Warum sollte es in den "jungen Mann" übersetzt werden? Der "Jugendliche" auf Chinesisch hatte während der Bewegung des vierten Mai die Bedeutung des jungen Mannes, aber im modernen Chinesischen bezieht sich das Wort auf Jugendliche, die höchstens 15 bis 16 Jahre alt sind. Werther ist ein Akademiker. Er ist mindestens um die 20 herum. Er ist ein ausgereifter, junger Mann mit reichlichen, gesellschaftlichen Erfahrungen. Wenn das wieder mit dem "Jugendlichen" übersetzt wird, entspricht das nicht mehr der Identität des Protagonisten. Andererseits ist es hinderlich für das Verständnis der Leser.
Was ist die größte Schwierigkeit, auf die Sie beim Übersetzen stoßen?

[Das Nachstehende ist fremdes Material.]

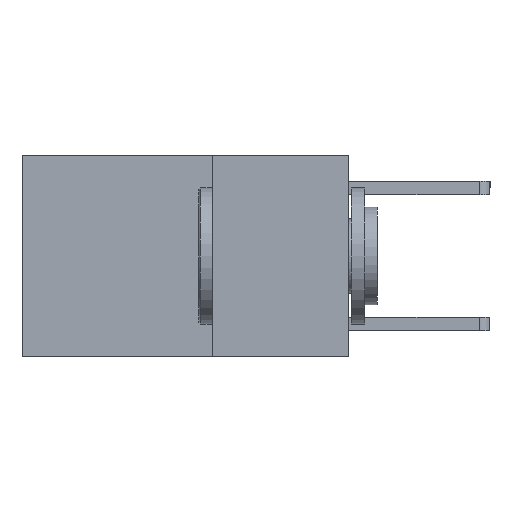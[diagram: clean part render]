
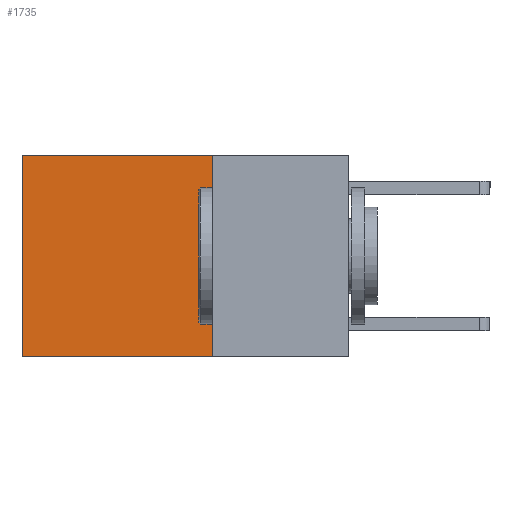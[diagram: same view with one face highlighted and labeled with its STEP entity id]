
A CAD part, left-side view. The second image highlights one B-rep face of the part: STEP entity #1735.
In plain terms, the highlighted planar face has unit normal (-1, 0, 0).
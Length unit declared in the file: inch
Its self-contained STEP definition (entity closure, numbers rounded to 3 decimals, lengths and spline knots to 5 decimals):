
#18 = VERTEX_POINT ( 'NONE', #2254 ) ;
#1044 = ORIENTED_EDGE ( 'NONE', *, *, #9338, .T. ) ;
#1735 = ADVANCED_FACE ( 'NONE', ( #5251 ), #2142, .F. ) ;
#1982 = DIRECTION ( 'NONE',  ( 1., 0., 0. ) ) ;
#2142 = PLANE ( 'NONE',  #9477 ) ;
#2238 = VECTOR ( 'NONE', #2374, 39.37008 ) ;
#2249 = EDGE_CURVE ( 'NONE', #6056, #6764, #7079, .T. ) ;
#2254 = CARTESIAN_POINT ( 'NONE',  ( 0.2625, 0.6, 0. ) ) ;
#2374 = DIRECTION ( 'NONE',  ( 0., 0., -1. ) ) ;
#3124 = DIRECTION ( 'NONE',  ( 0., 0., -1. ) ) ;
#3196 = CARTESIAN_POINT ( 'NONE',  ( 0.2625, 0.25, -0.37 ) ) ;
#3227 = EDGE_CURVE ( 'NONE', #6056, #18, #5989, .T. ) ;
#4122 = EDGE_CURVE ( 'NONE', #6764, #8610, #4921, .T. ) ;
#4921 = LINE ( 'NONE', #8128, #5669 ) ;
#5137 = DIRECTION ( 'NONE',  ( 0., 1., 0. ) ) ;
#5151 = EDGE_LOOP ( 'NONE', ( #1044, #7230, #9808, #7532 ) ) ;
#5251 = FACE_OUTER_BOUND ( 'NONE', #5151, .T. ) ;
#5653 = LINE ( 'NONE', #6394, #2238 ) ;
#5669 = VECTOR ( 'NONE', #7502, 39.37008 ) ;
#5989 = LINE ( 'NONE', #7605, #6522 ) ;
#6056 = VERTEX_POINT ( 'NONE', #7437 ) ;
#6394 = CARTESIAN_POINT ( 'NONE',  ( 0.2625, 0.6, 0. ) ) ;
#6522 = VECTOR ( 'NONE', #5137, 39.37008 ) ;
#6764 = VERTEX_POINT ( 'NONE', #3196 ) ;
#7079 = LINE ( 'NONE', #7961, #8145 ) ;
#7230 = ORIENTED_EDGE ( 'NONE', *, *, #4122, .F. ) ;
#7437 = CARTESIAN_POINT ( 'NONE',  ( 0.2625, 0.25, 0. ) ) ;
#7502 = DIRECTION ( 'NONE',  ( 0., 1., 0. ) ) ;
#7532 = ORIENTED_EDGE ( 'NONE', *, *, #3227, .T. ) ;
#7605 = CARTESIAN_POINT ( 'NONE',  ( 0.2625, 0.25, 0. ) ) ;
#7961 = CARTESIAN_POINT ( 'NONE',  ( 0.2625, 0.25, 0. ) ) ;
#8128 = CARTESIAN_POINT ( 'NONE',  ( 0.2625, 0.25, -0.37 ) ) ;
#8145 = VECTOR ( 'NONE', #3124, 39.37008 ) ;
#8402 = DIRECTION ( 'NONE',  ( 0., 0., -1. ) ) ;
#8610 = VERTEX_POINT ( 'NONE', #9184 ) ;
#9184 = CARTESIAN_POINT ( 'NONE',  ( 0.2625, 0.6, -0.37 ) ) ;
#9192 = CARTESIAN_POINT ( 'NONE',  ( 0.2625, 0.25, 0. ) ) ;
#9338 = EDGE_CURVE ( 'NONE', #18, #8610, #5653, .T. ) ;
#9477 = AXIS2_PLACEMENT_3D ( 'NONE', #9192, #1982, #8402 ) ;
#9808 = ORIENTED_EDGE ( 'NONE', *, *, #2249, .F. ) ;

Es gibt ziemlich viele Schwierigkeiten. Zwischen dem Chinesischen und dem lateinischen Sprachsystem des Westens gibt es sehr große Unterschiede. Manche Ausdrücke sind schwierig umzuwandeln. 2002 habe ich "Eine Zurückweisung" des Literaturnobelpreisträgers Imre Kertész übersetzt. Das Original war auf Ungarisch. Ich stieg ein mit der deutschen Übersetzung, da das Werk zum großen Teil durch die Verbreitung der deutschen Übersetzung berühmt geworden ist. Im Werk gibt es das Wort "Oglütz". Mithilfe des Kontexts war zu erkennen, dass es ein Schimpfwort ist. Ich wollte herausfinden, was das Wort in der Ausgangssprache bedeutet, aber ich konnte es nach wie vor nicht verstehen, obwohl ich in diversen Wörterbüchern nachgeschlagen hatte. Später habe ich mich an einen ungarischen Germanisten gewandt. Er kannte es auch nicht. Danach habe ich versucht, über Umwege den Autor des Buches zu Rate zu ziehen. Aber ich habe keine Antwort bekommen. Zum Schluss musste ich eine phonetische Übersetzung nehmen und eine Fußnote machen.